Заболоцкий. Иволга, леса отшельница — страница 103 из 131

Николаю Леонидовичу Степанову запомнилось, как в самом начале своей переделкинской жизни они с Заболоцким пошли в гости к Борису Пастернаку. В разные годы Заболоцкий по-разному относился к его поэзии. Несомненно одно: стихи Пастернака военного и послевоенного времени он очень ценил, — недаром уже в конце жизни советовал молодому поэту Андрею Сергееву читать его последние стихи: «…это, конечно, лучшее из всего, что он написал; пропала нарочитость, а ведь Пастернак остался, — подумайте об этом, это пример поучительный». Вполне возможно, что об этой самой перемене Заболоцкий и хотел поговорить с Борисом Леонидовичем. Однако серьёзного разговора наедине не получилось. У Пастернака были гости: Константин Федин и Николай Погодин. Жёны ещё не переехали на дачи, и застолье было чисто мужским, с обильной выпивкой. Говорили о какой-то пьесе Погодина. «Федин был строгий, красный. Пастернак был весёлый, смеялся добродушно и заразительно. <…> Пили они, каждый, дай Бог, — пишет Степанов, которого удивило количество напитков, поданных к ужину. — Лишь Погодин понемногу мрачнел и становился молчаливее. Пастернак и Федин сохраняли оживлённость и несколько кокетливое изящество.

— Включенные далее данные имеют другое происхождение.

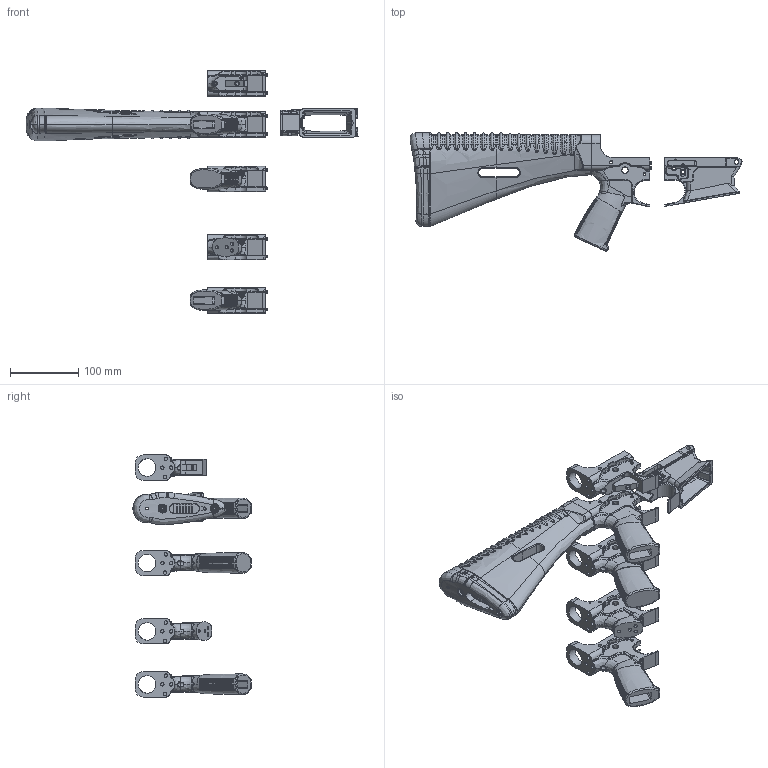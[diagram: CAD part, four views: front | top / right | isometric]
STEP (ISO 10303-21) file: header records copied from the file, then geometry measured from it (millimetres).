
FILE_DESCRIPTION(/* description */ (''),/* implementation_level */ '2;1');
FILE_NAME(/* name */ 'AA1 v12.step',/* time_stamp */ '2020-05-20T22:26:06-05:00',/* author */ (''),/* organization */ (''),/* preprocessor_version */ 'ST-DEVELOPER v18.1',/* originating_system */ 'Autodesk Translation Framework v9.3.0.1241',/* authorisation */ '');
FILE_SCHEMA (('AUTOMOTIVE_DESIGN { 1 0 10303 214 3 1 1 }'));
Products named in the file (1): AA1
Bounding box: 486.69 x 173.26 x 354.93 mm (x, y, z)
Volume: 1421344.7 mm3; surface area: 351381.1 mm2
Topology: 13 solids, 25 shells, 4267 faces, 11964 edges, 7820 vertices
Faces by surface type: plane 1598, bspline 1475, cylinder 836, torus 313, sphere 33, cone 12
Full cylindrical faces by diameter (mm): 2 x2, 2.103 x1, 2.362 x2, 3 x3, 3.175 x13, 3.2 x4, 3.5 x2, 3.945 x3, 3.962 x2, 3.969 x11, 4 x18, 4.238 x6, 4.317 x4, 4.826 x9, 4.9 x1, 5 x36, 5.08 x4, 5.182 x1, 5.389 x1, 5.394 x1, 5.436 x2, 5.596 x2, 5.687 x2, 6.375 x2, 6.477 x5, 6.502 x1, 6.858 x2, 7.036 x3, 7.06 x2, 7.938 x1
Entity records: 289520 total; most frequent: CARTESIAN_POINT 192195, ORIENTED_EDGE 23886, DIRECTION 14896, EDGE_CURVE 11943, VERTEX_POINT 7830, AXIS2_PLACEMENT_3D 5607, B_SPLINE_CURVE_WITH_KNOTS 5420, EDGE_LOOP 4527

Николай Алексеевич довольно быстро пьянел и тоже постепенно мрачнел». Словом, ожидаемой беседы с поэтом у него не получилось… Степанов рано покинул застолье, а Заболоцкий пришёл только к утру, «разрумяненный и не вполне твёрдо стоящий на ногах».

По убеждению Степанова, это был случайный и исключительный эпизод из переделкинской жизни его друга, который обычно не позволял себе такого времяпрепровождения — «и по причине отсутствия средств, и по соображению самодисциплины».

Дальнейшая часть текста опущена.